A imagem acima mostra um trabalho que fiz como colagem em 1963, no Instituto Sagrada Família, em Belo Horizonte.

Era um começo.

Depois do ginásio fui estudar Edificações, na Escola Técnica Federal de Minas Gerais (atual CEFET). E então o encanto com o desenho surgiu de uma forma apaixonada. Desenho de arquitetura, tintas, cores, pranchas de projetos que eram verdadeiras colagens técnicas que só os iniciados entendiam, mas que, transformadas em perspectivas coloridas, dava sentido e entendimento a quem as via. Aprendi a traduzir a ideia para a imagem mais comunicativa, e a aproveitar para inserir nelas algumas notas de arte: pessoas, árvores, pedras, um céu, nuvens.

Depois fui cursar Arquitetura na Escola de Arquitetura da UFMG, em Belo Horizonte. E as descobertas da arquitetura, da arte, da técnica e da história, passaram a fazer parte do meu dia-a-dia. E com as aulas de arte, composição, projeto, geometria e tantas outras, me embrenhei mais pelas experiências de tentar fazer algo artístico com que presenteava parentes e amigos. Era bom ver aqueles desenhos (sempre sobre papel) pendurados nas paredes de suas casas.

Foi como arquiteto que consolidei minha convicção de que o papel é o amigo, capaz de receber uma ideia, um risco, um projeto.

Aprendi a desenhar e a ver as cores e as formas como expressão, traçando mapas, trabalhando rotas passadas e futuras.

O papel recebe a sequência que o gesto permite: a cor, o recorte, a cola, o pincel, o que tivermos à mão.  E aprendi que cada gesto, cada obra de arte estudada, tinha, para além de sua materialidade, um significado simbólico, que podia estar oculto ou ser revelado a uma primeira mirada do espectador.

Foi do meu interesse pela história da arte e da arquitetura, com especial atenção pelo Brasil e por Minas Gerais e a partir de excelentes mestres pioneiros nos estudos dessa matéria, que, após me formar, me tornei professor de Arquitetura Brasileira, no Curso de Arquitetura do Izabela Hendrix. De professor me tornei coordenador do curso (1992-2005) e de lá me aposentei para assumir um novo desafio: transformar – como Diretor de Conservação e Restauração do Instituto Estadual do Patrimônio Artístico e Cultural de Minas Gerais, IEPHA/MG – o conjunto da Praça da Liberdade, em Belo Horizonte, em um circuito cultural revitalizando e dando novos usos para prédios esvaziados pela construção da Cidade Administrativa, na zona norte de Belo Horizonte, com o traço e a arte de Oscar Niemeyer.

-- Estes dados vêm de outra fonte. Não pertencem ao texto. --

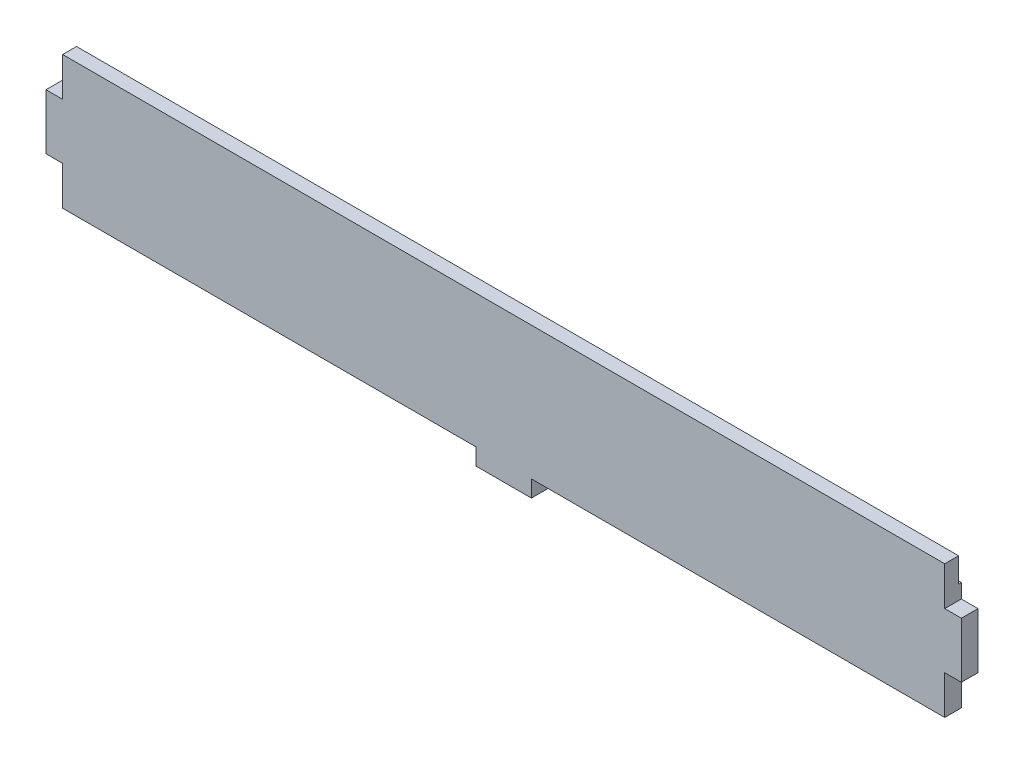
ISO-10303-21;
HEADER;
FILE_DESCRIPTION(('STEP AP214'),'2;1');
FILE_NAME('part.step','',(''),(''),'','','');
FILE_SCHEMA(('AUTOMOTIVE_DESIGN { 1 0 10303 214 1 1 1 1 }'));
ENDSEC;
DATA;
#1=APPLICATION_CONTEXT('core data for automotive mechanical design processes');
#2=APPLICATION_PROTOCOL_DEFINITION('international standard','automotive_design',2000,#1);
#3=PRODUCT_CONTEXT('',#1,'mechanical');
#4=PRODUCT('Part','Part','',(#3));
#5=PRODUCT_RELATED_PRODUCT_CATEGORY('part','',(#4));
#6=PRODUCT_DEFINITION_FORMATION('','',#4);
#7=PRODUCT_DEFINITION_CONTEXT('part definition',#1,'design');
#8=PRODUCT_DEFINITION('design','',#6,#7);
#9=PRODUCT_DEFINITION_SHAPE('','',#8);
#10=(LENGTH_UNIT() NAMED_UNIT(*) SI_UNIT(.MILLI.,.METRE.));
#11=(NAMED_UNIT(*) PLANE_ANGLE_UNIT() SI_UNIT($,.RADIAN.));
#12=(NAMED_UNIT(*) SI_UNIT($,.STERADIAN.) SOLID_ANGLE_UNIT());
#13=UNCERTAINTY_MEASURE_WITH_UNIT(LENGTH_MEASURE(1.E-05),#10,'distance_accuracy_value','');
#14=(GEOMETRIC_REPRESENTATION_CONTEXT(3) GLOBAL_UNCERTAINTY_ASSIGNED_CONTEXT((#13)) GLOBAL_UNIT_ASSIGNED_CONTEXT((#10,
#11,#12)) REPRESENTATION_CONTEXT('',''));
#15=CARTESIAN_POINT('',(0.,0.,0.));
#16=DIRECTION('',(0.,0.,1.));
#17=DIRECTION('',(1.,0.,0.));
#18=AXIS2_PLACEMENT_3D('',#15,#16,#17);
#19=CARTESIAN_POINT('',(0.,54.0000000000001,6.));
#20=DIRECTION('',(0.,-1.,0.));
#21=DIRECTION('',(1.,0.,0.));
#22=AXIS2_PLACEMENT_3D('',#19,#20,#21);
#23=PLANE('',#22);
#24=DIRECTION('',(1.,0.,0.));
#25=VECTOR('',#24,1.);
#26=CARTESIAN_POINT('',(-6.,54.0000000000001,1.));
#27=LINE('',#26,#25);
#28=CARTESIAN_POINT('',(-324.,54.0000000000001,1.));
#29=VERTEX_POINT('',#28);
#30=CARTESIAN_POINT('',(-6.,54.0000000000001,1.));
#31=VERTEX_POINT('',#30);
#32=EDGE_CURVE('E50',#29,#31,#27,.T.);
#33=ORIENTED_EDGE('',*,*,#32,.F.);
#34=DIRECTION('',(0.,0.,1.));
#35=VECTOR('',#34,1.);
#36=CARTESIAN_POINT('',(-324.,54.0000000000001,0.));
#37=LINE('',#36,#35);
#38=CARTESIAN_POINT('',(-324.,54.0000000000001,6.));
#39=VERTEX_POINT('',#38);
#40=EDGE_CURVE('E246',#29,#39,#37,.T.);
#41=ORIENTED_EDGE('',*,*,#40,.T.);
#42=DIRECTION('',(-1.,0.,0.));
#43=VECTOR('',#42,1.);
#44=CARTESIAN_POINT('',(0.,54.0000000000001,6.));
#45=LINE('',#44,#43);
#46=CARTESIAN_POINT('',(-6.,54.0000000000001,6.));
#47=VERTEX_POINT('',#46);
#48=EDGE_CURVE('E290',#47,#39,#45,.T.);
#49=ORIENTED_EDGE('',*,*,#48,.F.);
#50=DIRECTION('',(0.,0.,1.));
#51=VECTOR('',#50,1.);
#52=CARTESIAN_POINT('',(-6.,54.0000000000001,0.));
#53=LINE('',#52,#51);
#54=EDGE_CURVE('E189',#31,#47,#53,.T.);
#55=ORIENTED_EDGE('',*,*,#54,.F.);
#56=EDGE_LOOP('',(#33,#41,#49,#55));
#57=FACE_BOUND('',#56,.T.);
#58=ADVANCED_FACE('F33',(#57),#23,.F.);
#59=CARTESIAN_POINT('',(0.,0.,6.));
#60=DIRECTION('',(-1.,0.,0.));
#61=DIRECTION('',(0.,-1.,0.));
#62=AXIS2_PLACEMENT_3D('',#59,#60,#61);
#63=PLANE('',#62);
#64=DIRECTION('',(0.,1.,0.));
#65=VECTOR('',#64,1.);
#66=CARTESIAN_POINT('',(0.,0.,0.));
#67=LINE('',#66,#65);
#68=CARTESIAN_POINT('',(0.,20.,0.));
#69=VERTEX_POINT('',#68);
#70=CARTESIAN_POINT('',(0.,40.,0.));
#71=VERTEX_POINT('',#70);
#72=EDGE_CURVE('E279',#69,#71,#67,.T.);
#73=ORIENTED_EDGE('',*,*,#72,.T.);
#74=DIRECTION('',(0.,0.,1.));
#75=VECTOR('',#74,1.);
#76=CARTESIAN_POINT('',(0.,40.,0.));
#77=LINE('',#76,#75);
#78=CARTESIAN_POINT('',(0.,40.,6.));
#79=VERTEX_POINT('',#78);
#80=EDGE_CURVE('E193',#71,#79,#77,.T.);
#81=ORIENTED_EDGE('',*,*,#80,.T.);
#82=DIRECTION('',(0.,1.,0.));
#83=VECTOR('',#82,1.);
#84=CARTESIAN_POINT('',(0.,0.,6.));
#85=LINE('',#84,#83);
#86=CARTESIAN_POINT('',(0.,20.,6.));
#87=VERTEX_POINT('',#86);
#88=EDGE_CURVE('E287',#87,#79,#85,.T.);
#89=ORIENTED_EDGE('',*,*,#88,.F.);
#90=DIRECTION('',(0.,0.,1.));
#91=VECTOR('',#90,1.);
#92=CARTESIAN_POINT('',(0.,20.,0.));
#93=LINE('',#92,#91);
#94=EDGE_CURVE('E213',#69,#87,#93,.T.);
#95=ORIENTED_EDGE('',*,*,#94,.F.);
#96=EDGE_LOOP('',(#73,#81,#89,#95));
#97=FACE_BOUND('',#96,.T.);
#98=ADVANCED_FACE('F35',(#97),#63,.F.);
#99=CARTESIAN_POINT('',(-330.,0.,6.));
#100=DIRECTION('',(1.,0.,0.));
#101=DIRECTION('',(0.,0.,-1.));
#102=AXIS2_PLACEMENT_3D('',#99,#100,#101);
#103=PLANE('',#102);
#104=DIRECTION('',(0.,-1.,0.));
#105=VECTOR('',#104,1.);
#106=CARTESIAN_POINT('',(-330.,0.,6.));
#107=LINE('',#106,#105);
#108=CARTESIAN_POINT('',(-330.,40.,6.));
#109=VERTEX_POINT('',#108);
#110=CARTESIAN_POINT('',(-330.,20.,6.));
#111=VERTEX_POINT('',#110);
#112=EDGE_CURVE('E42',#109,#111,#107,.T.);
#113=ORIENTED_EDGE('',*,*,#112,.F.);
#114=DIRECTION('',(0.,0.,1.));
#115=VECTOR('',#114,1.);
#116=CARTESIAN_POINT('',(-330.,40.,0.));
#117=LINE('',#116,#115);
#118=CARTESIAN_POINT('',(-330.,40.,0.));
#119=VERTEX_POINT('',#118);
#120=EDGE_CURVE('E241',#119,#109,#117,.T.);
#121=ORIENTED_EDGE('',*,*,#120,.F.);
#122=DIRECTION('',(0.,-1.,0.));
#123=VECTOR('',#122,1.);
#124=CARTESIAN_POINT('',(-330.,0.,0.));
#125=LINE('',#124,#123);
#126=CARTESIAN_POINT('',(-330.,20.,0.));
#127=VERTEX_POINT('',#126);
#128=EDGE_CURVE('E295',#119,#127,#125,.T.);
#129=ORIENTED_EDGE('',*,*,#128,.T.);
#130=DIRECTION('',(0.,0.,1.));
#131=VECTOR('',#130,1.);
#132=CARTESIAN_POINT('',(-330.,20.,0.));
#133=LINE('',#132,#131);
#134=EDGE_CURVE('E276',#127,#111,#133,.T.);
#135=ORIENTED_EDGE('',*,*,#134,.T.);
#136=EDGE_LOOP('',(#113,#121,#129,#135));
#137=FACE_BOUND('',#136,.T.);
#138=ADVANCED_FACE('F333',(#137),#103,.F.);
#139=CARTESIAN_POINT('',(0.,0.,6.));
#140=DIRECTION('',(0.,1.,0.));
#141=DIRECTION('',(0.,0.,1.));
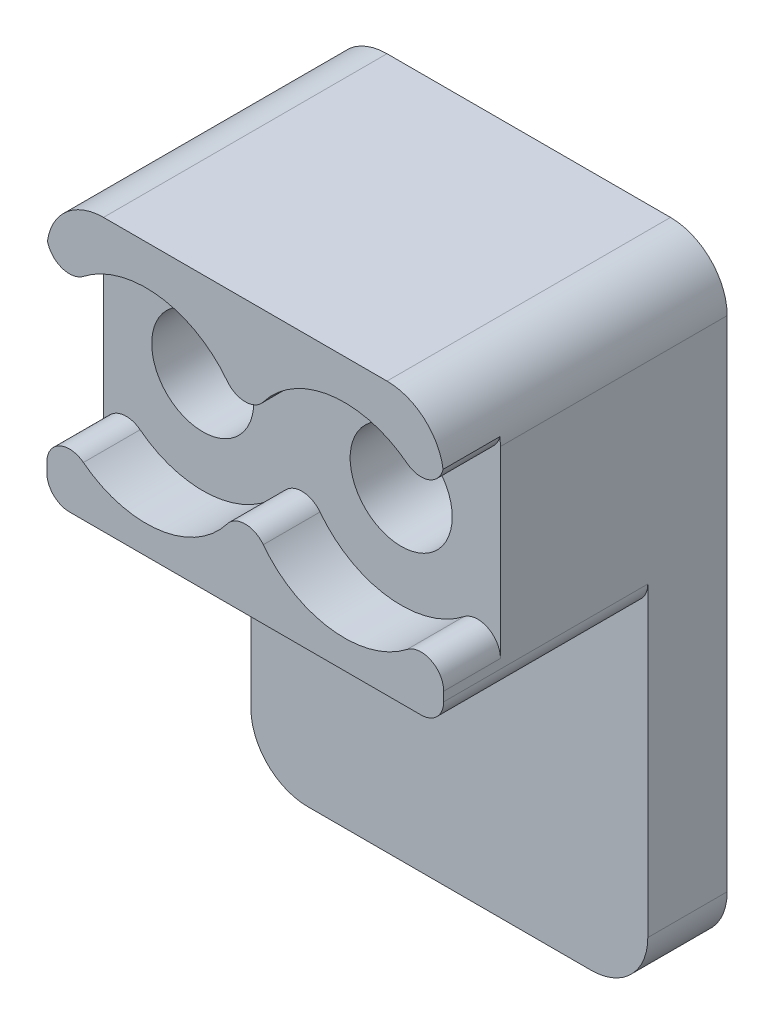
ISO-10303-21;
HEADER;
FILE_DESCRIPTION(('STEP AP214'),'2;1');
FILE_NAME('part.step','',(''),(''),'','','');
FILE_SCHEMA(('AUTOMOTIVE_DESIGN { 1 0 10303 214 1 1 1 1 }'));
ENDSEC;
DATA;
#1=APPLICATION_CONTEXT('core data for automotive mechanical design processes');
#2=APPLICATION_PROTOCOL_DEFINITION('international standard','automotive_design',2000,#1);
#3=PRODUCT_CONTEXT('',#1,'mechanical');
#4=PRODUCT('Part','Part','',(#3));
#5=PRODUCT_RELATED_PRODUCT_CATEGORY('part','',(#4));
#6=PRODUCT_DEFINITION_FORMATION('','',#4);
#7=PRODUCT_DEFINITION_CONTEXT('part definition',#1,'design');
#8=PRODUCT_DEFINITION('design','',#6,#7);
#9=PRODUCT_DEFINITION_SHAPE('','',#8);
#10=(LENGTH_UNIT() NAMED_UNIT(*) SI_UNIT(.MILLI.,.METRE.));
#11=(NAMED_UNIT(*) PLANE_ANGLE_UNIT() SI_UNIT($,.RADIAN.));
#12=(NAMED_UNIT(*) SI_UNIT($,.STERADIAN.) SOLID_ANGLE_UNIT());
#13=UNCERTAINTY_MEASURE_WITH_UNIT(LENGTH_MEASURE(1.E-05),#10,'distance_accuracy_value','');
#14=(GEOMETRIC_REPRESENTATION_CONTEXT(3) GLOBAL_UNCERTAINTY_ASSIGNED_CONTEXT((#13)) GLOBAL_UNIT_ASSIGNED_CONTEXT((#10,
#11,#12)) REPRESENTATION_CONTEXT('',''));
#15=CARTESIAN_POINT('',(0.,0.,0.));
#16=DIRECTION('',(0.,0.,1.));
#17=DIRECTION('',(1.,0.,0.));
#18=AXIS2_PLACEMENT_3D('',#15,#16,#17);
#19=CARTESIAN_POINT('',(17.78,27.432,12.7));
#20=DIRECTION('',(0.,0.,-1.));
#21=DIRECTION('',(0.,1.,0.));
#22=AXIS2_PLACEMENT_3D('',#19,#20,#21);
#23=PLANE('',#22);
#24=DIRECTION('',(-1.,0.,0.));
#25=VECTOR('',#24,1.);
#26=CARTESIAN_POINT('',(17.78,27.432,12.7));
#27=LINE('',#26,#25);
#28=CARTESIAN_POINT('',(15.24,27.432,12.7));
#29=VERTEX_POINT('',#28);
#30=CARTESIAN_POINT('',(2.54,27.432,12.7));
#31=VERTEX_POINT('',#30);
#32=EDGE_CURVE('E283',#29,#31,#27,.T.);
#33=ORIENTED_EDGE('',*,*,#32,.T.);
#34=CARTESIAN_POINT('',(2.54,24.892,12.7));
#35=DIRECTION('',(0.,0.,-1.));
#36=DIRECTION('',(0.,1.,0.));
#37=AXIS2_PLACEMENT_3D('',#34,#35,#36);
#38=CIRCLE('',#37,2.54);
#39=CARTESIAN_POINT('',(0.0270169226670651,25.2614807884563,12.7));
#40=VERTEX_POINT('',#39);
#41=EDGE_CURVE('E398',#31,#40,#38,.F.);
#42=ORIENTED_EDGE('',*,*,#41,.T.);
#43=CARTESIAN_POINT('',(1.016,25.4942220025742,12.7));
#44=DIRECTION('',(0.,0.,-1.));
#45=DIRECTION('',(0.,1.,0.));
#46=AXIS2_PLACEMENT_3D('',#43,#44,#45);
#47=CIRCLE('',#46,1.016);
#48=CARTESIAN_POINT('',(1.63945454545455,24.691999820288,12.7));
#49=VERTEX_POINT('',#48);
#50=EDGE_CURVE('E326',#40,#49,#47,.F.);
#51=ORIENTED_EDGE('',*,*,#50,.T.);
#52=CARTESIAN_POINT('',(4.445,21.082,12.7));
#53=DIRECTION('',(0.,0.,1.));
#54=DIRECTION('',(1.,0.,0.));
#55=AXIS2_PLACEMENT_3D('',#52,#53,#54);
#56=CIRCLE('',#55,4.572);
#57=CARTESIAN_POINT('',(8.08181818181818,23.8526926051796,12.7));
#58=VERTEX_POINT('',#57);
#59=EDGE_CURVE('E239',#58,#49,#56,.T.);
#60=ORIENTED_EDGE('',*,*,#59,.F.);
#61=CARTESIAN_POINT('',(8.89,24.4684020729972,12.7));
#62=DIRECTION('',(0.,0.,-1.));
#63=DIRECTION('',(0.,1.,0.));
#64=AXIS2_PLACEMENT_3D('',#61,#62,#63);
#65=CIRCLE('',#64,1.016);
#66=CARTESIAN_POINT('',(9.69818181818182,23.8526926051796,12.7));
#67=VERTEX_POINT('',#66);
#68=EDGE_CURVE('E329',#58,#67,#65,.F.);
#69=ORIENTED_EDGE('',*,*,#68,.T.);
#70=CARTESIAN_POINT('',(13.335,21.082,12.7));
#71=DIRECTION('',(0.,0.,1.));
#72=DIRECTION('',(1.,0.,0.));
#73=AXIS2_PLACEMENT_3D('',#70,#71,#72);
#74=CIRCLE('',#73,4.572);
#75=CARTESIAN_POINT('',(16.1405454545455,24.691999820288,12.7));
#76=VERTEX_POINT('',#75);
#77=EDGE_CURVE('E233',#76,#67,#74,.T.);
#78=ORIENTED_EDGE('',*,*,#77,.F.);
#79=CARTESIAN_POINT('',(16.764,25.4942220025742,12.7));
#80=DIRECTION('',(0.,0.,-1.));
#81=DIRECTION('',(0.,1.,0.));
#82=AXIS2_PLACEMENT_3D('',#79,#80,#81);
#83=CIRCLE('',#82,1.016);
#84=CARTESIAN_POINT('',(17.7529830773329,25.2614807884563,12.7));
#85=VERTEX_POINT('',#84);
#86=EDGE_CURVE('E322',#76,#85,#83,.F.);
#87=ORIENTED_EDGE('',*,*,#86,.T.);
#88=CARTESIAN_POINT('',(15.24,24.892,12.7));
#89=DIRECTION('',(0.,0.,-1.));
#90=DIRECTION('',(0.,1.,0.));
#91=AXIS2_PLACEMENT_3D('',#88,#89,#90);
#92=CIRCLE('',#91,2.54);
#93=EDGE_CURVE('E395',#85,#29,#92,.F.);
#94=ORIENTED_EDGE('',*,*,#93,.T.);
#95=EDGE_LOOP('',(#33,#42,#51,#60,#69,#78,#87,#94));
#96=FACE_BOUND('',#95,.T.);
#97=ADVANCED_FACE('F42',(#96),#23,.F.);
#98=CARTESIAN_POINT('',(13.335,21.082,0.));
#99=DIRECTION('',(0.,0.,1.));
#100=DIRECTION('',(1.,0.,0.));
#101=AXIS2_PLACEMENT_3D('',#98,#99,#100);
#102=CYLINDRICAL_SURFACE('',#101,2.286);
#103=CARTESIAN_POINT('',(13.335,21.082,0.));
#104=DIRECTION('',(0.,0.,1.));
#105=DIRECTION('',(-1.,0.,0.));
#106=AXIS2_PLACEMENT_3D('',#103,#104,#105);
#107=CIRCLE('',#106,2.286);
#108=CARTESIAN_POINT('',(11.049,21.082,0.));
#109=VERTEX_POINT('',#108);
#110=EDGE_CURVE('E248',#109,#109,#107,.T.);
#111=ORIENTED_EDGE('',*,*,#110,.F.);
#112=EDGE_LOOP('',(#111));
#113=FACE_BOUND('',#112,.T.);
#114=CARTESIAN_POINT('',(13.335,21.082,10.16));
#115=DIRECTION('',(0.,0.,1.));
#116=DIRECTION('',(1.,0.,0.));
#117=AXIS2_PLACEMENT_3D('',#114,#115,#116);
#118=CIRCLE('',#117,2.286);
#119=CARTESIAN_POINT('',(15.621,21.082,10.16));
#120=VERTEX_POINT('',#119);
#121=EDGE_CURVE('E252',#120,#120,#118,.F.);
#122=ORIENTED_EDGE('',*,*,#121,.F.);
#123=EDGE_LOOP('',(#122));
#124=FACE_BOUND('',#123,.T.);
#125=ADVANCED_FACE('F513',(#113,#124),#102,.F.);
#126=CARTESIAN_POINT('',(4.445,21.082,0.));
#127=DIRECTION('',(0.,0.,1.));
#128=DIRECTION('',(1.,0.,0.));
#129=AXIS2_PLACEMENT_3D('',#126,#127,#128);
#130=CYLINDRICAL_SURFACE('',#129,2.286);
#131=CARTESIAN_POINT('',(4.445,21.082,0.));
#132=DIRECTION('',(0.,0.,1.));
#133=DIRECTION('',(1.,0.,0.));
#134=AXIS2_PLACEMENT_3D('',#131,#132,#133);
#135=CIRCLE('',#134,2.286);
#136=CARTESIAN_POINT('',(6.731,21.082,0.));
#137=VERTEX_POINT('',#136);
#138=EDGE_CURVE('E243',#137,#137,#135,.T.);
#139=ORIENTED_EDGE('',*,*,#138,.F.);
#140=EDGE_LOOP('',(#139));
#141=FACE_BOUND('',#140,.T.);
#142=CARTESIAN_POINT('',(4.445,21.082,10.16));
#143=DIRECTION('',(0.,0.,1.));
#144=DIRECTION('',(1.,0.,0.));
#145=AXIS2_PLACEMENT_3D('',#142,#143,#144);
#146=CIRCLE('',#145,2.286);
#147=CARTESIAN_POINT('',(6.731,21.082,10.16));
#148=VERTEX_POINT('',#147);
#149=EDGE_CURVE('E505',#148,#148,#146,.F.);
#150=ORIENTED_EDGE('',*,*,#149,.F.);
#151=EDGE_LOOP('',(#150));
#152=FACE_BOUND('',#151,.T.);
#153=ADVANCED_FACE('F515',(#141,#152),#130,.F.);
#154=CARTESIAN_POINT('',(17.78,15.24,3.556));
#155=DIRECTION('',(0.,0.,-1.));
#156=DIRECTION('',(0.,1.,0.));
#157=AXIS2_PLACEMENT_3D('',#154,#155,#156);
#158=PLANE('',#157);
#159=DIRECTION('',(0.,-1.,0.));
#160=VECTOR('',#159,1.);
#161=CARTESIAN_POINT('',(0.,15.24,3.556));
#162=LINE('',#161,#160);
#163=CARTESIAN_POINT('',(0.,16.256,3.556));
#164=VERTEX_POINT('',#163);
#165=CARTESIAN_POINT('',(0.,2.54,3.556));
#166=VERTEX_POINT('',#165);
#167=EDGE_CURVE('E247',#164,#166,#162,.T.);
#168=ORIENTED_EDGE('',*,*,#167,.T.);
#169=CARTESIAN_POINT('',(2.54,2.54,3.556));
#170=DIRECTION('',(0.,0.,-1.));
#171=DIRECTION('',(0.,1.,0.));
#172=AXIS2_PLACEMENT_3D('',#169,#170,#171);
#173=CIRCLE('',#172,2.54);
#174=CARTESIAN_POINT('',(2.54,0.,3.556));
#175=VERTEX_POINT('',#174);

Foram sete anos de trabalho infelizmente interrompidos por contingências econômicas e políticas, mas que deixaram resultado. Pude visitar quase toda Minas Gerais, onde sempre há um patrimônio cultural a ser preservado, com sua história, sua arte e seus simbolismos. E após, sair do IEPHA/MG.

E então me aposentei das aulas, lembrando que também fui professor na UFMG, na PUC-MG, na Fumec, e em muitos cursos técnicos.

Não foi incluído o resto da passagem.